**Exercise input:**
--------

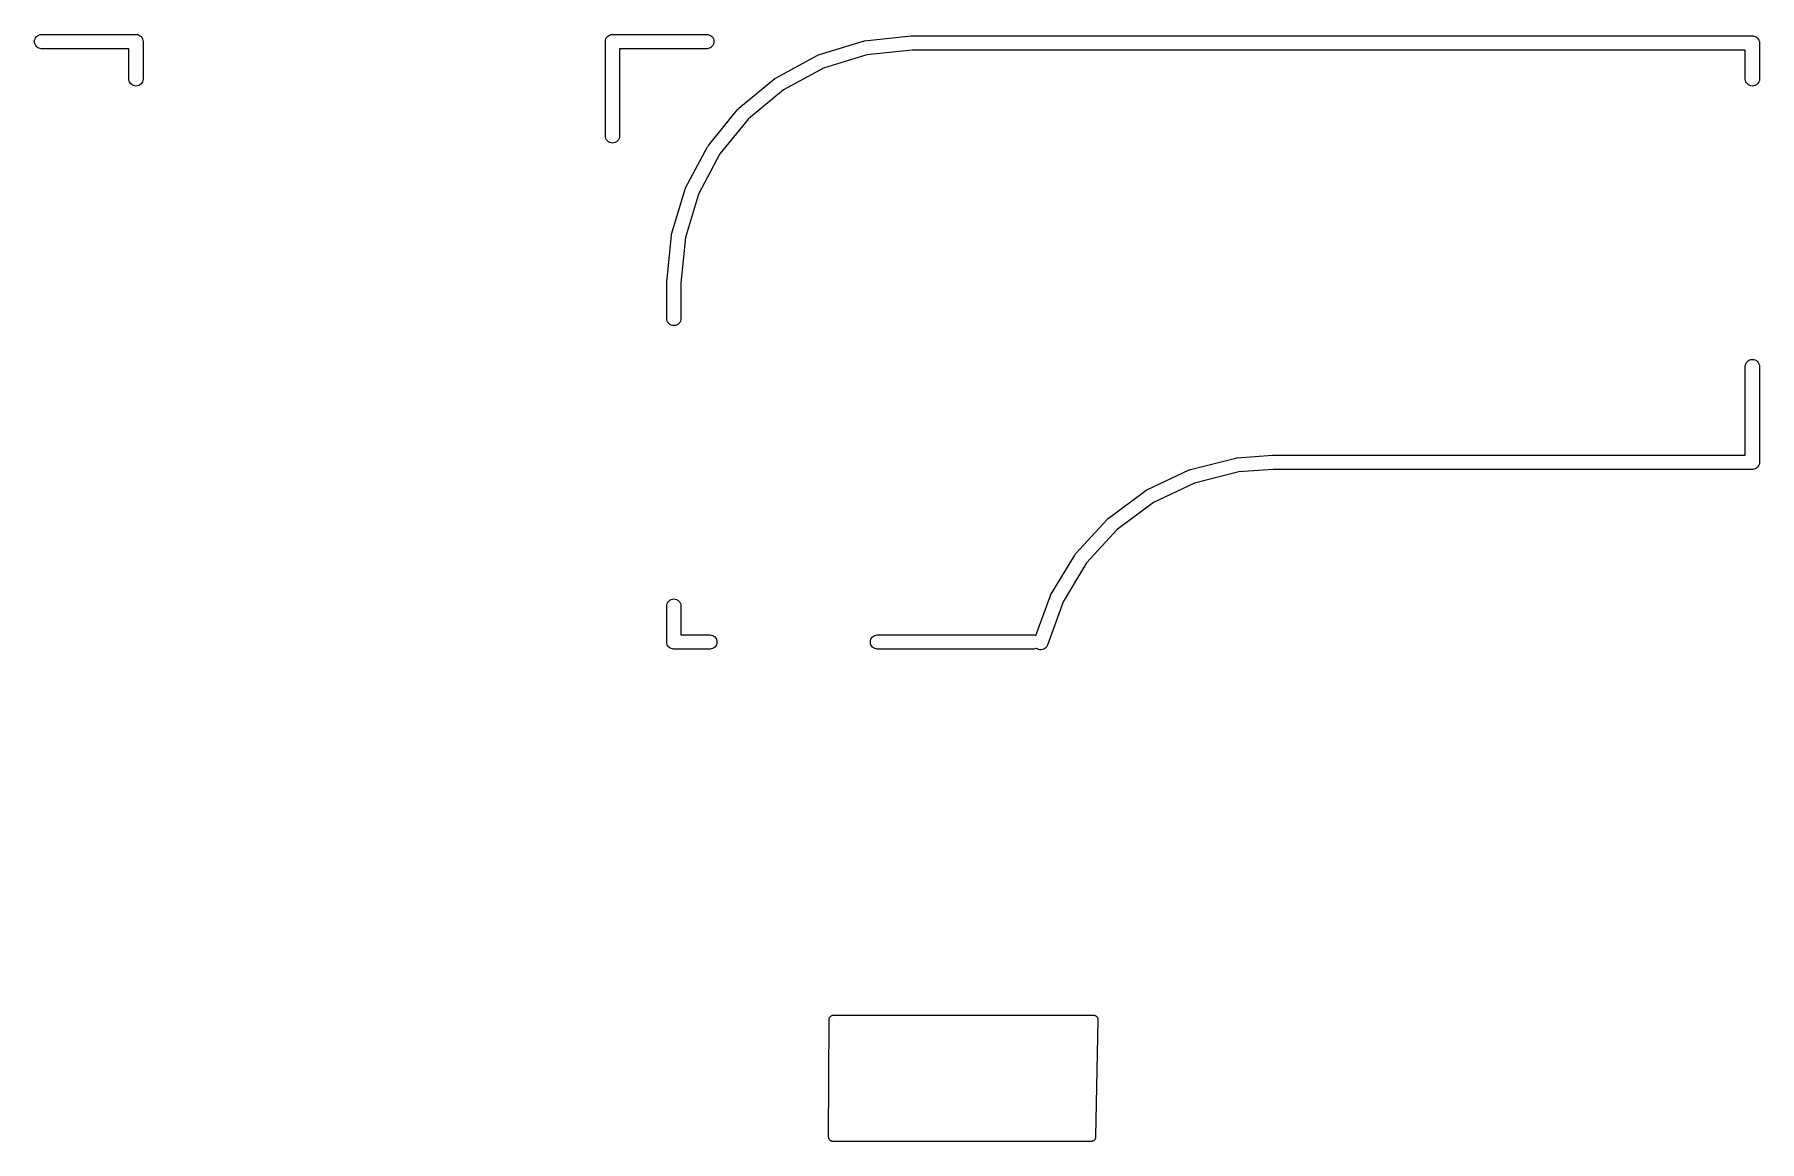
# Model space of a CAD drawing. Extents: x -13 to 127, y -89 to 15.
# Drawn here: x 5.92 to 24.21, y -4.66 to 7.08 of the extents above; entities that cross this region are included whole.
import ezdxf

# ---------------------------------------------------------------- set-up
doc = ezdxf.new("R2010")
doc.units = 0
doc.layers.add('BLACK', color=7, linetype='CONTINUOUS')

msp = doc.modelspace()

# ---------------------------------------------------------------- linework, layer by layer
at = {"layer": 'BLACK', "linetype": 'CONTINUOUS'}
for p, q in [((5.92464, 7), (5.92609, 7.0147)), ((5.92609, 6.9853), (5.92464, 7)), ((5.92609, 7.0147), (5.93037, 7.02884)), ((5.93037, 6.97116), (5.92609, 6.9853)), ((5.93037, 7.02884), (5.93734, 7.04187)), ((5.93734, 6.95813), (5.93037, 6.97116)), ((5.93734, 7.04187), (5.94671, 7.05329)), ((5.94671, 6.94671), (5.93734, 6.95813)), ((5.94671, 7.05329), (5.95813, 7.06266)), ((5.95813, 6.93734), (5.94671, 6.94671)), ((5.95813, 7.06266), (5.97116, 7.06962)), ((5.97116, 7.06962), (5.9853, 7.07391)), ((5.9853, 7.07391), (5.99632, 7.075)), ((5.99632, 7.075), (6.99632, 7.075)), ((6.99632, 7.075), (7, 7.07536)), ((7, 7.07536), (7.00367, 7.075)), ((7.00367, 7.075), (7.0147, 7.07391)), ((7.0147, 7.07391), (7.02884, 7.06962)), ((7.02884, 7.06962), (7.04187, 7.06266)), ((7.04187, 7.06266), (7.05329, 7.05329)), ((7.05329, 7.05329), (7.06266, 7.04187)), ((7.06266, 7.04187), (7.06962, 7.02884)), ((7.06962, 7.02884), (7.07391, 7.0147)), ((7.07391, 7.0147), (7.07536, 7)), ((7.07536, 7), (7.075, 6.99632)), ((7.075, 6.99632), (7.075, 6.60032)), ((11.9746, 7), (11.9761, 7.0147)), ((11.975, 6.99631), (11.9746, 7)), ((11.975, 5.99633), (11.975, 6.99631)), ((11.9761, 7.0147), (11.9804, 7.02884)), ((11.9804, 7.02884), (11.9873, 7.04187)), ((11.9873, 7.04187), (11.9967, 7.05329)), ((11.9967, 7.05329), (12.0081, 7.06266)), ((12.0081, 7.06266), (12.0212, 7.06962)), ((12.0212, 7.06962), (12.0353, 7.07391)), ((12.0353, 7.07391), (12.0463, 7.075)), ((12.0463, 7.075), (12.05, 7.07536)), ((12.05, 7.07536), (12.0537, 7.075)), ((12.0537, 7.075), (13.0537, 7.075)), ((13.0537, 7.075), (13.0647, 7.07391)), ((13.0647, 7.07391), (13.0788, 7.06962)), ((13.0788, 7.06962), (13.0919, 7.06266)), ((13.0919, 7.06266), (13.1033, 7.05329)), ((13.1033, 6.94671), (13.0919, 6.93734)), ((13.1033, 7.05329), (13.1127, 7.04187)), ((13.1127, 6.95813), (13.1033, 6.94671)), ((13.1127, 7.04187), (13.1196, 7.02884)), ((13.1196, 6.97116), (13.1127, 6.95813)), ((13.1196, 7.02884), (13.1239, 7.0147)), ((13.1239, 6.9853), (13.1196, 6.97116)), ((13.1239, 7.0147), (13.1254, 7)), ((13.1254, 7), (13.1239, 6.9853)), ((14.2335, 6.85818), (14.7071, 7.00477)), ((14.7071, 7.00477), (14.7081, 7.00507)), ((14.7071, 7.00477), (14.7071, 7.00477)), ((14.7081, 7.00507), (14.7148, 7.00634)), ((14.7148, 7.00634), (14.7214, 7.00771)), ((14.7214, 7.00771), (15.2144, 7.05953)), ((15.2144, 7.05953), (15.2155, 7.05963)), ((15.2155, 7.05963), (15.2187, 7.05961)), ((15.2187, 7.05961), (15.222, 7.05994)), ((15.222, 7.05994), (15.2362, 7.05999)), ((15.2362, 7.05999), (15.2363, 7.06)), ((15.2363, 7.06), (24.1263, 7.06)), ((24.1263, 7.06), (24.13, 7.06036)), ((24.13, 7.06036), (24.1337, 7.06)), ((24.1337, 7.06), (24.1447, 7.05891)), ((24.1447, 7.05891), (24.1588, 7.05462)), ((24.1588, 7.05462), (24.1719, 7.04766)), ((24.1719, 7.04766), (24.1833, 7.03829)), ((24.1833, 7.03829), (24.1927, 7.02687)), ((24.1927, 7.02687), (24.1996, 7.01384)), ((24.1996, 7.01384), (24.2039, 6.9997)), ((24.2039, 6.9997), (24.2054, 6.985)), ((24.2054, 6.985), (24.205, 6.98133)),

--------

Check each line of the data for "BLACK". Copy the lines where it turns up.

doc.layers.add('BLACK', color=7, linetype='CONTINUOUS')
at = {"layer": 'BLACK', "linetype": 'CONTINUOUS'}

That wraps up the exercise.